Maar hoe kunnen wij nu van oordeel zijn dat wij de Kerk zijn, terwijl we niets zijn vergeleken bij de ongelovigen, die hoogmoedig zijn vanwege hun grote aantal en hun vele kwaliteiten, die ze luidkeels weten uit te stallen? Laten we ons daar helemaal niet over verwonderen. Want God bevestigt ons in de persoon van onze vader Izak, dat de Kerk op een verlaten huis leek en Izak geen kinderen en weinig mensen had. Maar toch bleef God dat huis beschouwen als een verborgen schat. Laten we daarmee tevreden zijn.

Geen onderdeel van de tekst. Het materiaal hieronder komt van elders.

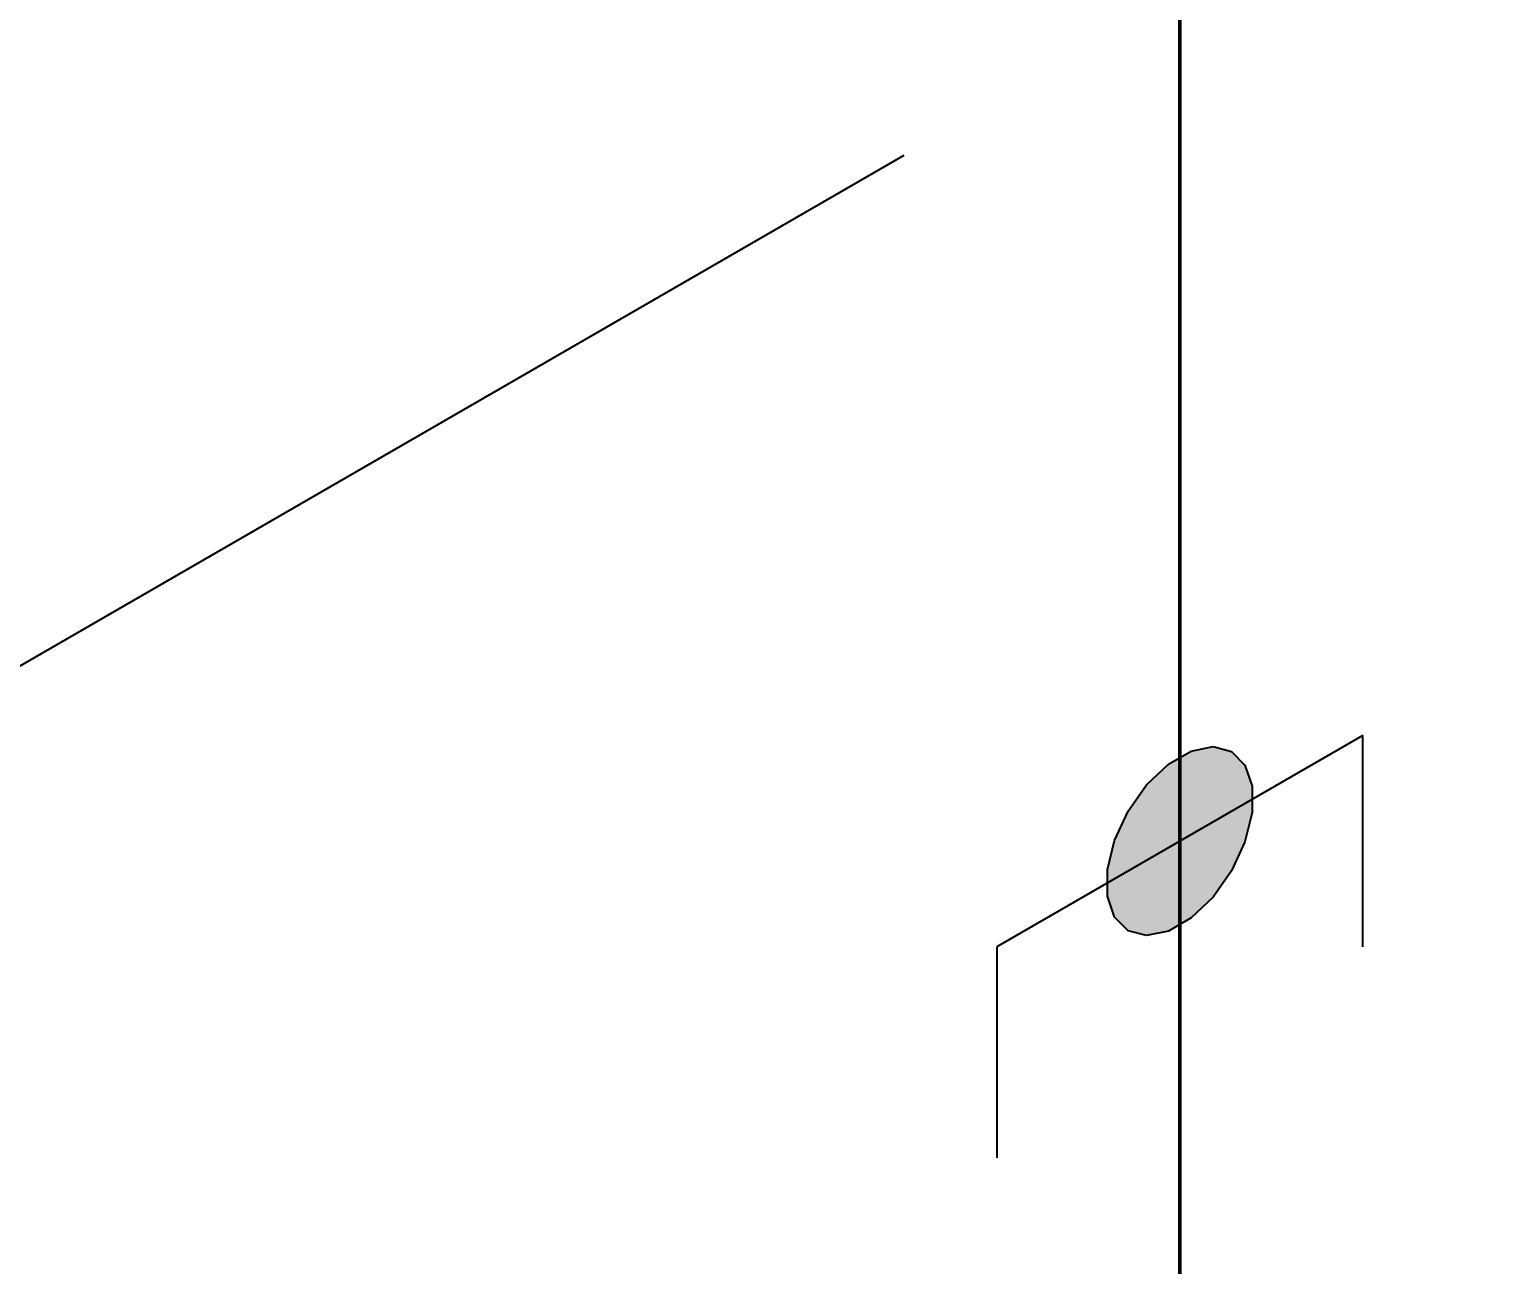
# Model space of a CAD drawing. Header units: millimetres. Extents: x 0 to 594, y 0 to 420.
# Drawn here: x 273.4 to 284, y 118.8 to 127.75 of the extents above; entities that cross this region are included whole.
import ezdxf

# ---------------------------------------------------------------- set-up
doc = ezdxf.new("R2010")
doc.units = ezdxf.units.MM
doc.header["$LTSCALE"] = 0.25
doc.layers.add('용접', color=1, linetype='Continuous')
doc.layers.add('치수', color=1, linetype='Continuous')
doc.layers.add('파이프 작은 보어', color=30, linetype='Continuous', lineweight=50)
doc.styles.add('AdskIsoMetric', font='arial.ttf', dxfattribs={"width": 0.8, "height": 2.5})
doc.styles.add('AdskIsoMetric-30', font='arial.ttf', dxfattribs={"width": 0.8, "height": 2.5})
doc.styles.add('AdskIsoMetric30', font='arial.ttf', dxfattribs={"width": 0.8, "oblique": 30, "height": 2.5})
doc.dimstyles.new('AdskIsoMetric', dxfattribs={"dimtxt": 2.5, "dimasz": 2.5, "dimexe": 1, "dimexo": 2, "dimgap": 0.8, "dimtad": 1, "dimdec": 0, "dimrnd": 1, "dimzin": 0, "dimdsep": 46, "dimtxsty": 'AdskIsoMetric', "dimcen": 0, "dimclrt": 7, "dimadec": 0, "dimazin": 0, "dimtfac": 1, "dimtdec": 0, "dimtmove": 1, "dimatfit": 3, "dimfxl": 0, "dimfrac": 2, "dimtolj": 1, "dimtzin": 0, "dimarcsym": 0})

# ---------------------------------------------------------------- blocks, each defined once
blk = doc.blocks.new('*D93')
at = {"layer": 'Defpoints', "color": 0}
for p in [(294.733, 135.493), (281.742, 127.993), (281.742, 77.137)]:
    blk.add_point(p, dxfattribs=at)
at = {"layer": '치수', "color": 0, "lineweight": -2}
for p, q in [((283.742, 129.148), (295.733, 136.07)), ((294.733, 87.137), (294.733, 132.993)), ((283.742, 78.291), (295.733, 85.214))]:
    blk.add_line(p, q, dxfattribs=at)
at = {"layer": '치수', "color": 0}
for points in [[(294.316, 132.993), (295.149, 132.993), (294.733, 135.493)], [(294.316, 87.137), (295.149, 87.137), (294.733, 84.637)]]:
    blk.add_solid(points, dxfattribs=at)
at = {"layer": '치수', "color": 7, "insert": (292.466, 108.756), "char_height": 2.5, "attachment_point": 5, "rotation": 90, "style": 'AdskIsoMetric-30'}
blk.add_mtext('\\A1;328', dxfattribs=at)
blk = doc.blocks.new('*D95')
at = {"layer": 'Defpoints', "color": 0}
for p in [(253.05, 144.559), (281.742, 127.993), (268.752, 120.493)]:
    blk.add_point(p, dxfattribs=at)
at = {"layer": '치수', "color": 0, "lineweight": -2}
for p, q in [((251.05, 143.404), (239.059, 136.482)), ((242.224, 135.809), (266.587, 121.743)), ((279.742, 126.838), (267.752, 119.916))]:
    blk.add_line(p, q, dxfattribs=at)
at = {"layer": '치수', "color": 0}
for points in [[(242.433, 136.17), (242.016, 135.448), (240.059, 137.059)], [(266.795, 122.104), (266.379, 121.382), (268.752, 120.493)]]:
    blk.add_solid(points, dxfattribs=at)
at = {"layer": '치수', "color": 7, "insert": (260.411, 127.925), "char_height": 2.5, "attachment_point": 5, "rotation": 330, "style": 'AdskIsoMetric30'}
blk.add_mtext('\\A1;359', dxfattribs=at)
blk = doc.blocks.new('티-2-Iso2DSkew0')
at = {"color": 0, "linetype": 'ByBlock', "lineweight": -2, "extrusion": (-0.707107, -0.408248, 0.57735)}
for p, q in [((0, 0), (0, 6.124)), ((0, 0), (-5.303, 3.062)), ((0, -6.124), (0, 0))]:
    blk.add_line(p, q, dxfattribs=at)
blk = doc.blocks.new('SocketWeld-1-IsoRight')
blk.add_hatch(color=256).paths.add_polyline_path([(0.00553, 0.03713), (0.00575, 0.03692), (0.00596, 0.03672), (0.00617, 0.03652), (0.00639, 0.03631), (0.0066, 0.03611), (0.00682, 0.0359), (0.00703, 0.0357), (0.00725, 0.03549), (0.00746, 0.03529), (0.00768, 0.03508), (0.00789, 0.03488), (0.00811, 0.03467), (0.00832, 0.03447), (0.00854, 0.03427), (0.00875, 0.03406), (0.00897, 0.03386), (0.00918, 0.03365), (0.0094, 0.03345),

En verder moeten we goed acht geven op de persoon van Ismaël. Want hij was uit Abrahams huis voortgekomen, dat toentertijd de enige Kerk ter wereld was. Hij was besneden, alsof hij erfgenaam van God was, hij was zelfs de eerstgeborene. Hij had in huis de voorrang, zodat hij, zoals ze zagen, zijn broer zelfs bespotten kon. Zo staat het nu met de papisten. Want ze zijn niet totaal vreemd aan de Kerk, maar ze zijn zo veel als bastaards.
Johannes Calvijn,
predikant te Genève
(”Dertien preken over de verkiezing van Jakob en de verwerping van Ezau”, 1562)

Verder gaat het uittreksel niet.